• **What this task involves**: Only one portion of the data is to be written out: from the line bearing "# F2 (on face) → F3 (join)" through the line bearing "# what is left". Write it exactly as it appears.

• **Excerpted records**:
········

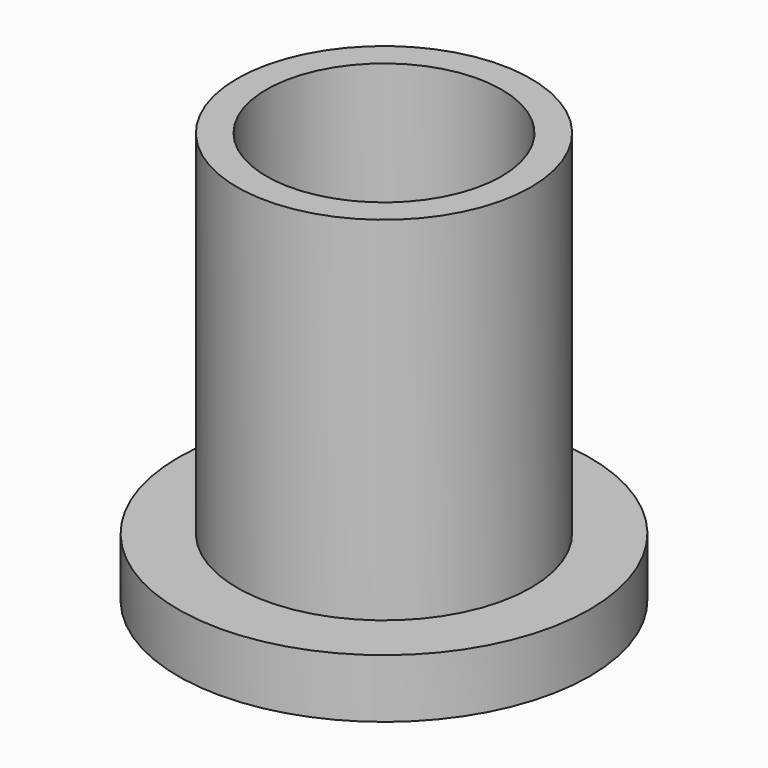
from build123d import *

# Parameters (mm, degrees)
F0_R     = 17.5
F1_DEPTH = 5
F2_R     = 12.5
F3_DEPTH = 30
F4_T     = 2.5


# Not quite as in the source:
# - a shell that OpenCascade refuses in one call is made with other operations: the cavity is built on its own and cut out


with BuildPart() as f1:
    # F0 (on Top) → F1 (new body)
    with BuildSketch(Plane.XY):
        Circle(F0_R)
    extrude(amount=F1_DEPTH)

    # F2 (on face) → F3 (join)
    with BuildSketch(Plane.XY.offset(5)):
        Circle(F2_R)
    extrude(amount=F3_DEPTH)

    # F4: shell of thickness 2.5, made by hand


with BuildPart() as f4_core1:
    # F4_t2: copy of F1
    add(f1.part)

    # the walls: a layer under each face that stays
    f4_faces = [f4_core1.faces().sort_by_distance(p)[0] for p in [
        (-17.5, 0, 2.5),
        (0, 0, 0),
        (-11.6666666667, -11.6666666667, 5),
        (-12.5, 0, 20),
    ]]
    thicken(f4_faces, amount=-F4_T, mode=Mode.SUBTRACT)

    # F4_s3 → F4_t4 (revolve, cut)
    with BuildSketch(Plane.XZ):
        Polygon((12.525, 5.025), (12.5, 2.5), (10, 2.5), (10, 5), align=None)
    revolve(axis=Axis((0, 0, 5), (0, 0, 1)), mode=Mode.SUBTRACT)


with BuildPart() as f1_1:
    add(f1.part)

    # what is left inside the walls is the cavity
    f4_cavity = [f4_core1.part.solids().sort_by_distance(p)[0] for p in [
        (-9.975, 0, 13.333333),
    ]]
    add(f4_cavity, mode=Mode.SUBTRACT)


solid = f1_1.part

········

• **Exercise solution**:
    # F2 (on face) → F3 (join)
    with BuildSketch(Plane.XY.offset(5)):
        Circle(F2_R)
    extrude(amount=F3_DEPTH)

    # F4: shell of thickness 2.5, made by hand


with BuildPart() as f4_core1:
    # F4_t2: copy of F1
    add(f1.part)

    # the walls: a layer under each face that stays
    f4_faces = [f4_core1.faces().sort_by_distance(p)[0] for p in [
        (-17.5, 0, 2.5),
        (0, 0, 0),
        (-11.6666666667, -11.6666666667, 5),
        (-12.5, 0, 20),
    ]]
    thicken(f4_faces, amount=-F4_T, mode=Mode.SUBTRACT)

    # F4_s3 → F4_t4 (revolve, cut)
    with BuildSketch(Plane.XZ):
        Polygon((12.525, 5.025), (12.5, 2.5), (10, 2.5), (10, 5), align=None)
    revolve(axis=Axis((0, 0, 5), (0, 0, 1)), mode=Mode.SUBTRACT)


with BuildPart() as f1_1:
    add(f1.part)

    # what is left inside the walls is the cavity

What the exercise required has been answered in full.